Tipping Point Analysis (Delta Adjustment)

A comparison of Tipping Point Analysis between R and SAS

Multiple imputation
R
SAS
Published

July 6, 2026

Building on an earlier topic of reference-based multiple imputation for continuous longitudinal endpoints (Reference-Based Multiple Imputation), a recent PHUSE CAMIS contribution explored the implementation of tipping point analysis with delta adjustments in R and SAS.

Tipping point analysis is a sensitivity analysis that assesses the robustness of clinical trial results when they are based on imputed missing data. Since reference-based multiple imputation typically happens under missing-at-random (MAR) or missing-not-at-random (MNAR) assumptions, deviations from these assumption may influence the final estimate for a treatment effect.

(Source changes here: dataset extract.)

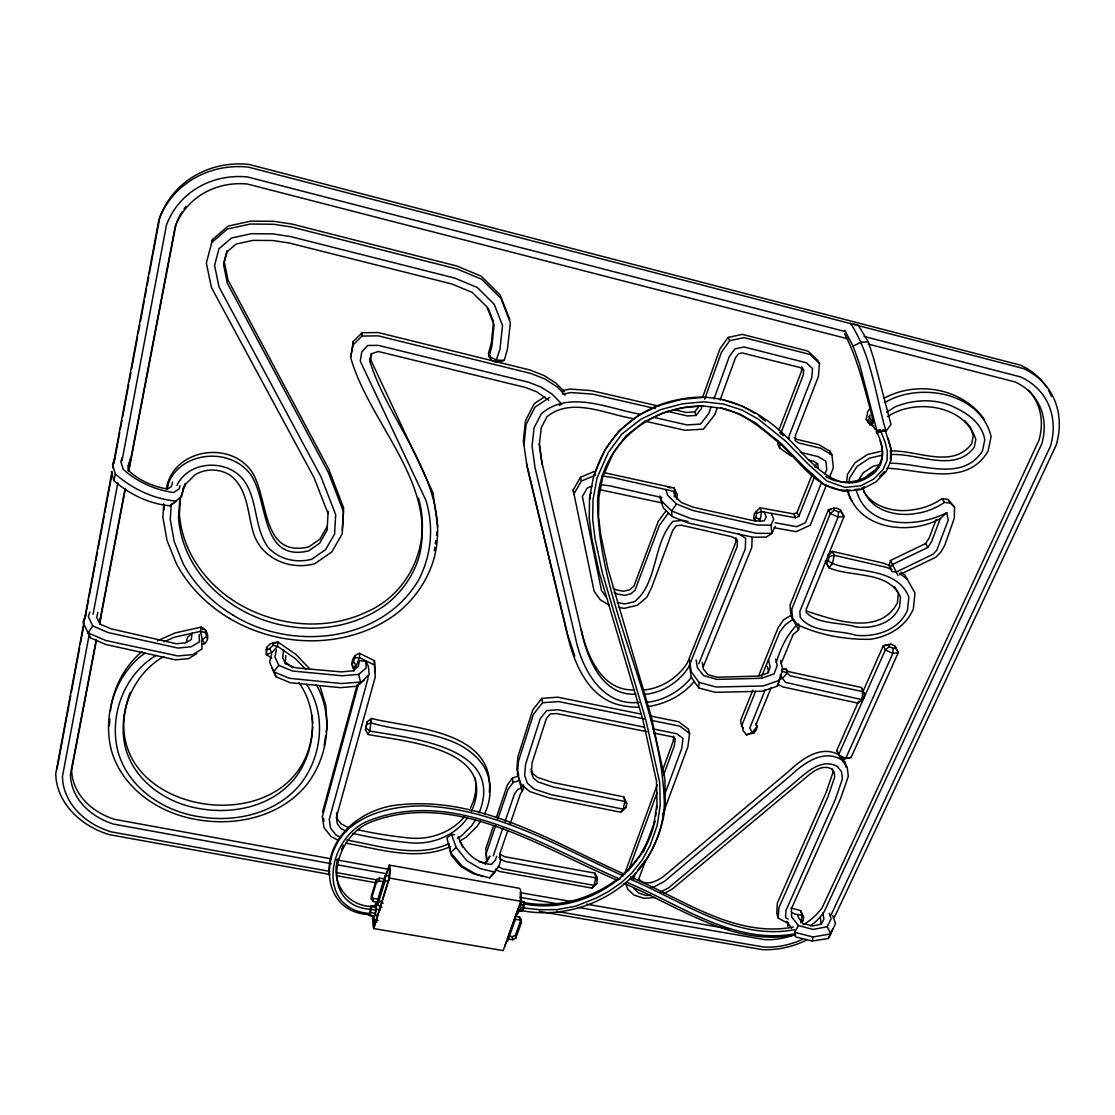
<?xml version="1.0" encoding="UTF-8"?>
<svg xmlns="http://www.w3.org/2000/svg" width="1115" height="1115" viewBox="0 0 1115 1115"><rect width="100%" height="100%" fill="white"/><g stroke="black" fill="none" stroke-linecap="round" stroke-linejoin="round"><path stroke-width="1.5" d="M384.354 880.571L378.584 899.373L378.584 902.397L373.19 901.464L373.204 898.439L371.365 895.986L376.34 879.637L379.421 878.035L384.842 878.996M373.19 901.464L371.365 898.997L371.365 895.986M471.324 811.678C500.064 748.04 405.372 741.851 368.048 734.464L365.469 729.781L367.197 721.795L371.504 718.52C411.769 728.429 495.673 729.963 489.29 792.305M229.16 618.212C279.266 648.177 346.124 649.501 394.473 615.187C413.47 600.915 427.547 581.082 434.111 558.183C452.941 485.861 390.027 426.209 369.929 361.553L371.114 353.413M365.469 729.781L367.197 721.795M359.56 653.334L359.504 657.655L356.452 665.488L353.539 668.93C349.929 663.202 352.786 654.923 359.56 653.334L374.431 660.679L375.253 672.638M509.75 319.42L500.217 295.071L481.136 276.158L456.857 266.011L292.2 224.129L273.858 221.328L250.875 221.118L228.157 226.052L212.477 239.613L211.711 242.596L227.46 228.993L250.29 224.031L273.384 224.24L291.809 227.056L457.248 269.063L481.638 279.238L500.802 298.235L510.377 322.653L507.492 348.911L504.287 360.326L499.269 362.166L495.604 362.082L491.673 360.312L489.039 356.605L491.84 346.403L494.084 324.953L486.893 306.848L472.189 292.395L451.896 283.99L289.12 242.986L272.854 240.519L253.021 240.366L236.129 244.032L226.889 251.962L223.53 264.562L227.321 283.21L328.395 472.565L343.49 511.827L342.18 533.946L331.726 552.009L314.834 563.66C290.402 570.629 262.095 558.838 253.732 533.96C247.335 513.904 248.338 488.049 229.328 474.683A30.565 26.872 12.4 0 0 194.735 475.06L185.508 484.272L179.85 498.907L178.525 517.527A126.706 112.378 6.5 0 0 190.317 558.671A132.141 117.354 6.3 0 0 237.481 607.731C282.081 634.602 341.789 636.107 384.926 605.375C401.567 592.846 413.804 575.396 419.463 555.298C436.787 482.126 369.079 423.212 350.612 357.288L353.19 344.772L362.068 336.033L362.124 332.73L378.208 332.549L530.21 370.068L543.995 375.518L556.148 383.281L564.204 391.602M518.949 911.178L522.391 911.094L523.98 908.126L524.552 902.704L520.886 900.363M353.539 668.93L353.594 666.031M623.215 875.93C558.754 846.578 494.112 807.985 421.4 805.852C396.034 806.27 369.706 811.288 349.692 827.901C318.765 854.285 321.608 912.084 369.246 914.676L371.407 909.436L371.462 906.495C347.197 905.896 330.138 882.355 337.901 858.968M863.568 491.45C874.076 508.05 895.47 512.886 913.84 509.667A56.712 47.931 -31 0 0 942.077 498.6L948.098 499.492L954.565 507.186L954.287 518.266L944.781 545.124L941.102 551.772L935.806 557.235L899.443 574.727M475.91 782.869L475.673 791.608L473.736 800.291L470.391 808.361M735.886 537.723L735.761 542.336L687.328 663.021C677.683 677.934 661 688.694 643.257 690.032M890.481 459.352L890.774 448.467L888.195 438.195M353.19 344.772L353.288 341.427L362.124 332.73M350.612 357.288L353.288 341.427M752.109 537.486L751.803 547.451L703.217 666.826M781.267 674.784L777.35 686.185L762.186 691.258L715.44 692.317L698.729 688.011L699.007 682.352L691.23 671.788L689.53 659.913M788.263 923.457L778.284 918.175L778.814 907.903L827.985 796.64L834.731 776.932L834.118 772.012L831.595 768.862C819.191 762.897 807.957 776.5 799.037 783.232L672.011 889.282L663.523 893.714M328.144 511.297L327.127 530.183L319.657 543.214L308.548 550.908C259.99 562.294 268.813 501.081 250.847 474.879C229.509 445.052 175.139 451.784 166.706 489.053M862.146 693.349L883.303 645.738L888.348 644.54L889.38 646.616L893.115 648.373L892.836 653.418L845.741 758.409L843.609 758.925L840.013 757.169L836.766 750.465L858.62 701.279M342.319 529.987L343.629 507.938L328.604 468.788L228.004 280.074L224.24 261.495L227.153 250.513M792.626 616.344L790.646 613.571L790.103 605.013L828.375 509.75L833.574 508.245L834.536 510.154L838.452 511.883L838.118 517.025L799.859 611.327L800.208 617.18C812.027 633.348 838.104 629.585 855.832 635.285C876.014 637.446 899.331 629.947 907.54 609.863L908.85 597.152C896.948 567.089 857.351 573.235 832.501 563.521L828.18 560.761L829.016 556.65L828.083 554.685L832.264 551.34L883.944 563.312L889.951 565.626M163.752 503.785L162.874 517.29L167.069 540.622L176.351 563.646A147.682 131.166 6.3 0 0 229.16 618.212M164.003 509.973L164.337 504.928M171.292 504.161L170.261 519.395L174.163 541.374L182.916 563.214A140.211 124.462 6.2 0 0 233.021 615.104M180.574 496.705L179.376 513.583A126.162 112.03 6.6 0 0 191.097 554.601A131.57 116.991 6.4 0 0 238.053 603.536C276.757 626.421 326.124 631.452 367.183 611.703C410.348 592.818 431.812 542.838 418.418 498.071M778.117 441.178L777.88 444.369L779.636 447.979L790.73 455.77L793.978 456.551M664.359 805.03A161.759 130.831 -6.8 0 1 645.794 860.738C618.978 899.345 568.552 919.359 522.447 910.76L523.674 903.777C579.925 915.122 642.588 878.522 654.895 821.198M779.636 447.979L779.984 443.185M778.939 430.028L801.406 371.532L801.741 366.891L803.636 370.25L803.288 374.905L780.695 433.596M788.793 439.435L789.044 436.132L811.832 377.372L812.514 368.535L806.452 362.793L743.956 346.96L734.869 348.911L729.294 356.605L713.976 398.975M109.34 725.837L109.855 719.091M110.51 710.659C113.047 688.039 124.518 666.212 141.981 651.578M329.204 875.038C326.388 835.01 364.633 806.842 401.539 804.598C481.666 796.904 553.946 842.731 624.107 874.062M702.603 397.358L719.997 348.73L728.137 337.413L742.325 334.388L808.054 351.141L817.504 360.117L819.455 363.448L818.438 376.452L795.58 435.073L795.162 440.495L798.563 442.906L820.751 448.286L831.943 454.892L833.393 467.687L829.532 477.262M378.069 915.485L375.225 914.802L376.285 902.3L379.17 902.286M369.692 914.662L374.738 916.418L374.055 917.269L369.135 915.373L370.961 905.826L376.257 905.687L376.522 907.025L371.17 906.927M285.119 663.76L285.858 655.522M271.795 658.24L266.429 654.561L266.374 649.78L269.607 648.735L272.841 645.39L273.077 642.923L277.928 642.003L295.837 654.38L309.58 668.707M493.374 323.35L491.311 343.072L488.523 353.246L489.039 356.605L496.942 360.159L504.287 360.326M523.98 444.676L526.168 424.23L535.005 407.17L549.751 397.372M673.85 736.109L673.251 741.043L662.561 770.256M846.606 482.196L847.539 474.307L854.968 462.809L867.484 454.502L881.965 451.115M848.989 482.753L849.56 478L857.031 466.474L869.588 458.126L882.523 455.101M192.101 633.083L191.292 639.536L185.522 642.853L176.379 643.773L110.901 628.776L99.974 624.079L96.754 617.417L97.855 612.316M283.684 649.766L282.653 657.864L285.719 663.787L295.308 667.76L341.274 671.913L353.037 670.798L358.361 666.338L359.49 660.624L365.859 661.293L368.354 666.31L369.218 674.617L357.023 686.227L340.437 687.648L290.053 682.701L275.963 676.68L269.621 662.185L271.614 654.31M651.425 716.22L678.687 721.753L688.331 729.029L689.572 733.461L687.899 746.743L662.575 814.898M434.348 550.74L434.836 547.312M435.324 543.883L435.812 540.468M436.55 535.325L437.038 531.897M312.674 726.771C305.287 852.738 83.583 816.515 130.19 692.387M99.834 623.773L101.172 614.783M324.186 745.377L325.678 735.524M326.179 732.234L327.183 725.656L325.761 705.377L319.907 685.864M653.961 823.483L657 803.692L656.484 781.044L642.714 719.077L598.964 571.605L591.703 537.82L589.236 518.168L589.528 497.917L593.738 475.464L605.069 449.68L619.09 430.641L638.672 415.379L659.286 405.33L681.432 399.421L703.495 397.344M655.662 816.208L656.164 812.891M656.679 809.56L657.195 806.229M266.374 649.78L266.736 647.467L270.095 643.899L273.077 642.923M755.789 511.353L756.597 513.262L755.914 517.499L754.437 519.799L753.642 517.876L754.311 513.667L759.97 507.771L793.824 513.959L797.058 512.468L812.473 473.61M760.514 518.364L761.601 511.59L759.97 507.771M201.662 644.372L204.909 643.648C209.927 638.407 207.892 629.724 201.188 627.104L175.208 632.916L157.299 640.874M781.099 663.676L793.03 634.714L798.605 629.794L799.288 625.557L798.103 623.731C787.204 634.296 780.765 647.634 776.277 662.519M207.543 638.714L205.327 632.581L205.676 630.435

Figure 1. Diagram of tipping point analysis with delta adjustments

To investigate how influential imputed values are for the outcome, delta-based tipping point analysis progressively shifts the imputed missing values for the treatment group towards the reference group by adding a delta value (Cro et al. 2020). The goal is to find the tipping point: the minimum delta value needed to render a statistically significant treatment effect non-significant. If the required shift established by the delta value at the tipping point is clinically implausible, greater confidence can be placed in the clinical trial results.

Figure 2. Marginal delta adjustments to imputed dataset

In R, tipping point analysis was explored using the rbmi package by Gower-Page et al. (2022), the same package as used in the PHUSE CAMIS contribution on reference-based multiple imputation. The package can be used to make marginal delta adjustments, where deltas are added directly to the imputed datasets without having to refit the computationally heavy imputation model (see figure above). The workflow for tipping analysis consists of defining a sequential series of delta values, and using those in a custom-made function to perform tipping point analysis.

Making delta adjustments in R can be done with great flexibility, as the delta_template() function offers several possibilities to precisely target which imputed values you want to shift. One can, for example, choose to only adjust post-intercurrent event (ICE) missing values in the treatment group and leave the missing values in the reference group untouched. In addition, delta values can be fixed at one value or made flexible by using of the delta and dlag arguments.

In SAS, the five macros developed by James Roger, available via the London School of Hygiene & Tropical Medicine, were used (SAS macros for multiple imputation). These are the same macros as the PHUSE CAMIS contribution on reference-based multiple imputation. To conduct a tipping point analysis, one simply wraps the third macro in this series of five in a do loop and iteratively adjusts the value for its delta argument in an incremental manner. Additional arguments such as dlag and dgroups can be considered for making flexible delta adjustments, where the general workflow is similar as described for R.

In the figures below, it can be observed that R and SAS match, except for a negligible simulation error. The first figure shows the corresponding p-values (y-axis) for each increasing delta in the intervention group for the analysis example on the CAMIS website. The second figure shows the contrast estimates and their associated 95% confidence intervals. In both figures, 500 and 5000 imputed datasets are used.

Figure 3. P value against delta for R and SAS

Figure 4. Contrast estimate and 95% confidence intervals for R and SAS

CIR = Copy increments in reference; CR = Copy reference; JR = Jump to reference; MAR = Missing at random; MNAR = Missing not at random.

In terms of practical use, we find that the R rbmi package offers greater flexibility and allows users to apply delta adjustments to all types of missing data, including intermittent missing values. In contrast, the SAS five macros only apply delta adjustments to missing observations after withdrawal, with no easy way to alter this behaviour. While less flexible, the five macros yields faster computation times than R. See full details of the comparison between R and SAS on the CAMIS website here: R vs SAS Tipping Point (Delta Adjustment): Continuous Data.

The CAMIS open-source repository aims to provide vital information about the application of statistical methodology in various software (including SAS, R and Python). By documenting found differences in a repository, we aim to reduce time-consuming efforts within the community, where multiple people are investigating the same issues. As a group effort, the repository will continue to grow in content and be a vital source for medical statisticians and programmers. See CAMIS - A PHUSE DVOST Working Group for the repository or how to Get Involved.

References:

Cro et al. 2020. Sensitivity analysis for clinical trials with missing continuous outcome data using controlled multiple imputation: A practical guide. Statistics in Medicine. 2020;39(21):2815-2842.

Gower-Page et al. 2022. rbmi: A R package for standard and reference-based multiple imputation methods. Journal of Open Source Software 7(74):4251.

Roger 2017. Fitting reference-based models for missing data to longitudinal repeated-measures Normal data. User guide five macros.